▸ Required action
This exercise calls for the line with "#98=EDGE_LOOP('',(#82,#90,#96,#97));", the line with "#149=VECTOR('',#148,1.);", and all lines between them in the material below, output exactly and with no other lines.

▸ Dataset content

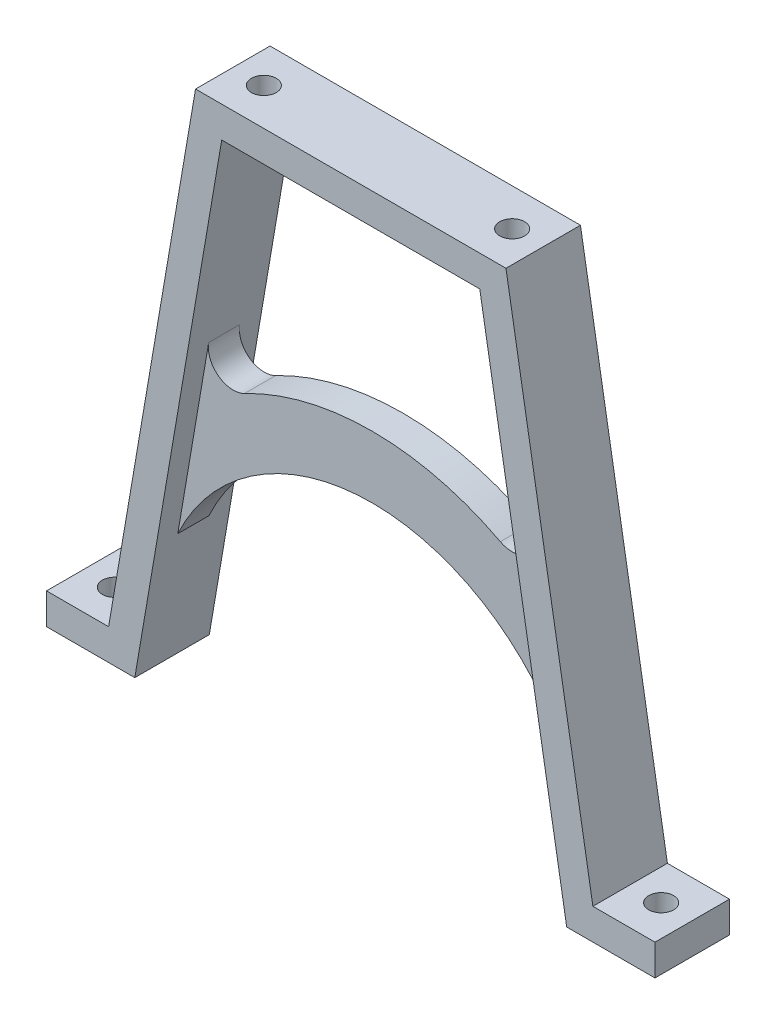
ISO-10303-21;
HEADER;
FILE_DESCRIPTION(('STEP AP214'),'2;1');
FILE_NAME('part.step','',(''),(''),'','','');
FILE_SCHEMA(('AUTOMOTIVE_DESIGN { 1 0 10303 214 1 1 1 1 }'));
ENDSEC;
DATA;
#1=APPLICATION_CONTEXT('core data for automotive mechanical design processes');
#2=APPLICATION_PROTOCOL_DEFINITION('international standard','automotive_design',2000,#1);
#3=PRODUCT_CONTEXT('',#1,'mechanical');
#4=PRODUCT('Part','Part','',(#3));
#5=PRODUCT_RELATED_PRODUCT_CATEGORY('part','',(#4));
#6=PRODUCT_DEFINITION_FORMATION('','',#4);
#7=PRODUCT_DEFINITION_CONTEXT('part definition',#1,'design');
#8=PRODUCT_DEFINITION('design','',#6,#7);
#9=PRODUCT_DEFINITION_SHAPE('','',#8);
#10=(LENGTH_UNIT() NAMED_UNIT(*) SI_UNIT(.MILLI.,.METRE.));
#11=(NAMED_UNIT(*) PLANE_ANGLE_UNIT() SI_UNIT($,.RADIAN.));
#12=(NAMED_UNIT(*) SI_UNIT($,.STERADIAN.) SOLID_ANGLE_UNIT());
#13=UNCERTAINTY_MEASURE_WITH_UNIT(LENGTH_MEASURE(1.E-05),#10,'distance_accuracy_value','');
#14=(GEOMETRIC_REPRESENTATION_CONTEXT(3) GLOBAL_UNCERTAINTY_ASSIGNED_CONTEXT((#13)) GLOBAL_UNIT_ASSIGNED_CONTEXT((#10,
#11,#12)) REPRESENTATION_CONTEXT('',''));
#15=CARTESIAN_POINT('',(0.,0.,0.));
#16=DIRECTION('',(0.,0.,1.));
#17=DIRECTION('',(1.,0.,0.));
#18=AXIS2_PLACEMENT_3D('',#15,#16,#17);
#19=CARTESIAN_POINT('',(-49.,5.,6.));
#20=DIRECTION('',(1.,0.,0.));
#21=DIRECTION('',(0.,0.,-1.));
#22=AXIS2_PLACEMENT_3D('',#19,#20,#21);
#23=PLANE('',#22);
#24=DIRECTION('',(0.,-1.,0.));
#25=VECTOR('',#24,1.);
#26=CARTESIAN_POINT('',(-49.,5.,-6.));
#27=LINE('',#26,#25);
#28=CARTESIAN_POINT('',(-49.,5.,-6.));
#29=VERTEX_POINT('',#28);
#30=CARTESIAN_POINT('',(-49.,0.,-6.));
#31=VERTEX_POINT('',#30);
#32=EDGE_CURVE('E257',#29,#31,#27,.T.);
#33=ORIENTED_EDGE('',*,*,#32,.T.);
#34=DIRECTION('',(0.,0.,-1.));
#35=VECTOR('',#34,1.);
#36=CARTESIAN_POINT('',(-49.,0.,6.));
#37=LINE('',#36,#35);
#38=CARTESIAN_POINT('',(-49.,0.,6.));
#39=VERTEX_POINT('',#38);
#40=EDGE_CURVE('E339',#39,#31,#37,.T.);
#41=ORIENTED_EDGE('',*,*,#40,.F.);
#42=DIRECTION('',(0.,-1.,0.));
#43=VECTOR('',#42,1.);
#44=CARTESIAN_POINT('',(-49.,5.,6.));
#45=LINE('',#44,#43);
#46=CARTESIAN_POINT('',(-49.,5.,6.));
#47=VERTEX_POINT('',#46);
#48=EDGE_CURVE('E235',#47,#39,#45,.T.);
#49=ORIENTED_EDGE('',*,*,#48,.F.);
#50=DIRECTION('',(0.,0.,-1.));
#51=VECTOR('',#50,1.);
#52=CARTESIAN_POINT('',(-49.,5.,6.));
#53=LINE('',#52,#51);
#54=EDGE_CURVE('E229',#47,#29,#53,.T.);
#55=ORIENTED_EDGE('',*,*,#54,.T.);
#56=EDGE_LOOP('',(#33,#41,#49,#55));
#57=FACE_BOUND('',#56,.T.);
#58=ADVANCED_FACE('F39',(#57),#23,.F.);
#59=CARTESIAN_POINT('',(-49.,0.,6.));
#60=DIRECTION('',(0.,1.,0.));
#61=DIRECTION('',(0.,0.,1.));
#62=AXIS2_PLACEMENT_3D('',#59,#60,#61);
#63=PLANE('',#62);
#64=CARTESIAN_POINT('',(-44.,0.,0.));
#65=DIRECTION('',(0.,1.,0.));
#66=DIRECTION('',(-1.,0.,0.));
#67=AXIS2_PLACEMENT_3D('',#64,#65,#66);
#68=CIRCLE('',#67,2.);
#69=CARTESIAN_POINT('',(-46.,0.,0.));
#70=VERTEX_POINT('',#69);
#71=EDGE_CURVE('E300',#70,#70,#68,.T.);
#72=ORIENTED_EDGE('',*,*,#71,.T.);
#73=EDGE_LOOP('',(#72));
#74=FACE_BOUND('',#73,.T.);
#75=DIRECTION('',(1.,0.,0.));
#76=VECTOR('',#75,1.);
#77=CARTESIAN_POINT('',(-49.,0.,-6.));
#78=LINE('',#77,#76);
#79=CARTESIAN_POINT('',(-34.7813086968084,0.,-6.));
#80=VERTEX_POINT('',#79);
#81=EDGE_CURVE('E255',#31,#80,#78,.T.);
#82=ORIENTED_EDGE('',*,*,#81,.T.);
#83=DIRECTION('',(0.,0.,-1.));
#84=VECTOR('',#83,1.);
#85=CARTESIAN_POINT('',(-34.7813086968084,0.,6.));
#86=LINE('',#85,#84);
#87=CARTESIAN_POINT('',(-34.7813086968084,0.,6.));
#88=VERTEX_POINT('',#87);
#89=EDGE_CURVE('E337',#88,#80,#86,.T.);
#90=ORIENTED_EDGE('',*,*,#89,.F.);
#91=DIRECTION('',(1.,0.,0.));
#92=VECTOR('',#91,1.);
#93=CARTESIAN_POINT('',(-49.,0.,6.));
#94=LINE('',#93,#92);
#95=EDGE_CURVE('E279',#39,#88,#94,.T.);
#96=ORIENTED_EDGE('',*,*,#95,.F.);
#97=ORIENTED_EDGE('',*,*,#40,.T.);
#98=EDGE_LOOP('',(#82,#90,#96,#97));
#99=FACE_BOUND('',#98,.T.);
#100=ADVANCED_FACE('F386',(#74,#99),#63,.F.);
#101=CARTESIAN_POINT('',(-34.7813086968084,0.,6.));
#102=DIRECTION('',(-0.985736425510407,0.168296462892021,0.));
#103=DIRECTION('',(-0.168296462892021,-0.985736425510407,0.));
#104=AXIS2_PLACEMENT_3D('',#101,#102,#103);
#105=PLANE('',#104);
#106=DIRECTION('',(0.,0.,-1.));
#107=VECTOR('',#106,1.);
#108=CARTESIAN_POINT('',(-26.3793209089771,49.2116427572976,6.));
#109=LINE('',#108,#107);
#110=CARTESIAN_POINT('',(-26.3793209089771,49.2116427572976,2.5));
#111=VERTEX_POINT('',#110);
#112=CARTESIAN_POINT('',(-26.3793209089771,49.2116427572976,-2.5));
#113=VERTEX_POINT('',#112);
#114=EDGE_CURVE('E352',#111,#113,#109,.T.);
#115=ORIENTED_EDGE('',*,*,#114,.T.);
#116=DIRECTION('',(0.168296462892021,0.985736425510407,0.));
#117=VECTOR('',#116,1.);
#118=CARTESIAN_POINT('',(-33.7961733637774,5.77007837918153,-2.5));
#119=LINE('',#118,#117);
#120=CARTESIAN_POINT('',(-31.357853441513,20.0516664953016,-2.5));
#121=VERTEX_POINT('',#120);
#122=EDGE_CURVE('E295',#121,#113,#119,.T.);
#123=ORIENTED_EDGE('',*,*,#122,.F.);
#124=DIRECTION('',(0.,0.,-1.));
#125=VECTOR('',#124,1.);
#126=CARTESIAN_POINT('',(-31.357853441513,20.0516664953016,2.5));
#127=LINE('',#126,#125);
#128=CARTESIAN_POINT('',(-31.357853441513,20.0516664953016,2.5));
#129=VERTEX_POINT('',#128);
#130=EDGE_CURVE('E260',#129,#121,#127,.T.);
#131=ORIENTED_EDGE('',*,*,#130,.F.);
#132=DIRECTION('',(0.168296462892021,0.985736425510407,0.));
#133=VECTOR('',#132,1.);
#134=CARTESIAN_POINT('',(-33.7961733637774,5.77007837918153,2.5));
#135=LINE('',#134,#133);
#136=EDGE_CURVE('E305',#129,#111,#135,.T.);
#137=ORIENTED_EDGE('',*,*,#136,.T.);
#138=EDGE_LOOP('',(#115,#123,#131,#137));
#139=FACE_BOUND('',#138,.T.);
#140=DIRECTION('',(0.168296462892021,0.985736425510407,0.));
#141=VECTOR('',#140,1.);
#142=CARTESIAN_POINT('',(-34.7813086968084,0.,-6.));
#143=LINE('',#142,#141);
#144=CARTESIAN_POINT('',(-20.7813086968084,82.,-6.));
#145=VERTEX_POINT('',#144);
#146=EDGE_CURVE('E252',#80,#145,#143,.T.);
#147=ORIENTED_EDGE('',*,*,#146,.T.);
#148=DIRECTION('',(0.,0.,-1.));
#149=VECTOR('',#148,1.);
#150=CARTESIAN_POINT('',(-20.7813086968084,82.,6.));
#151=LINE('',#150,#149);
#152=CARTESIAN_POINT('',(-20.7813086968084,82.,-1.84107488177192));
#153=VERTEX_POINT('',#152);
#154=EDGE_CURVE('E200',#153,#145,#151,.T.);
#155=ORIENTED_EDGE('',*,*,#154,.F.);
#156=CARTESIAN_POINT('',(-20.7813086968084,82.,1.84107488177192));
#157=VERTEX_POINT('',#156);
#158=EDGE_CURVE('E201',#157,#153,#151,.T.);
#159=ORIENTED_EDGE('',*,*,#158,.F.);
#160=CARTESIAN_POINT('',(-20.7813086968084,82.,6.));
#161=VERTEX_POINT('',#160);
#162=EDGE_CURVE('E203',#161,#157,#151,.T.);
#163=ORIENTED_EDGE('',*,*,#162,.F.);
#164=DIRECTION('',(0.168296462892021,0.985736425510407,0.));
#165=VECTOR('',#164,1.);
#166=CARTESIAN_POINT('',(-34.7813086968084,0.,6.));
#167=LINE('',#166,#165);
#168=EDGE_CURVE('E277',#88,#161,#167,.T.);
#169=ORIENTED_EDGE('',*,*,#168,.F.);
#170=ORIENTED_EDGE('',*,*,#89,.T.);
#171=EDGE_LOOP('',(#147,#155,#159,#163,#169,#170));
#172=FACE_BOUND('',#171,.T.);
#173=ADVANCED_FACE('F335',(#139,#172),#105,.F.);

▸ Answer area
#98=EDGE_LOOP('',(#82,#90,#96,#97));
#99=FACE_BOUND('',#98,.T.);
#100=ADVANCED_FACE('F386',(#74,#99),#63,.F.);
#101=CARTESIAN_POINT('',(-34.7813086968084,0.,6.));
#102=DIRECTION('',(-0.985736425510407,0.168296462892021,0.));
#103=DIRECTION('',(-0.168296462892021,-0.985736425510407,0.));
#104=AXIS2_PLACEMENT_3D('',#101,#102,#103);
#105=PLANE('',#104);
#106=DIRECTION('',(0.,0.,-1.));
#107=VECTOR('',#106,1.);
#108=CARTESIAN_POINT('',(-26.3793209089771,49.2116427572976,6.));
#109=LINE('',#108,#107);
#110=CARTESIAN_POINT('',(-26.3793209089771,49.2116427572976,2.5));
#111=VERTEX_POINT('',#110);
#112=CARTESIAN_POINT('',(-26.3793209089771,49.2116427572976,-2.5));
#113=VERTEX_POINT('',#112);
#114=EDGE_CURVE('E352',#111,#113,#109,.T.);
#115=ORIENTED_EDGE('',*,*,#114,.T.);
#116=DIRECTION('',(0.168296462892021,0.985736425510407,0.));
#117=VECTOR('',#116,1.);
#118=CARTESIAN_POINT('',(-33.7961733637774,5.77007837918153,-2.5));
#119=LINE('',#118,#117);
#120=CARTESIAN_POINT('',(-31.357853441513,20.0516664953016,-2.5));
#121=VERTEX_POINT('',#120);
#122=EDGE_CURVE('E295',#121,#113,#119,.T.);
#123=ORIENTED_EDGE('',*,*,#122,.F.);
#124=DIRECTION('',(0.,0.,-1.));
#125=VECTOR('',#124,1.);
#126=CARTESIAN_POINT('',(-31.357853441513,20.0516664953016,2.5));
#127=LINE('',#126,#125);
#128=CARTESIAN_POINT('',(-31.357853441513,20.0516664953016,2.5));
#129=VERTEX_POINT('',#128);
#130=EDGE_CURVE('E260',#129,#121,#127,.T.);
#131=ORIENTED_EDGE('',*,*,#130,.F.);
#132=DIRECTION('',(0.168296462892021,0.985736425510407,0.));
#133=VECTOR('',#132,1.);
#134=CARTESIAN_POINT('',(-33.7961733637774,5.77007837918153,2.5));
#135=LINE('',#134,#133);
#136=EDGE_CURVE('E305',#129,#111,#135,.T.);
#137=ORIENTED_EDGE('',*,*,#136,.T.);
#138=EDGE_LOOP('',(#115,#123,#131,#137));
#139=FACE_BOUND('',#138,.T.);
#140=DIRECTION('',(0.168296462892021,0.985736425510407,0.));
#141=VECTOR('',#140,1.);
#142=CARTESIAN_POINT('',(-34.7813086968084,0.,-6.));
#143=LINE('',#142,#141);
#144=CARTESIAN_POINT('',(-20.7813086968084,82.,-6.));
#145=VERTEX_POINT('',#144);
#146=EDGE_CURVE('E252',#80,#145,#143,.T.);
#147=ORIENTED_EDGE('',*,*,#146,.T.);
#148=DIRECTION('',(0.,0.,-1.));
#149=VECTOR('',#148,1.);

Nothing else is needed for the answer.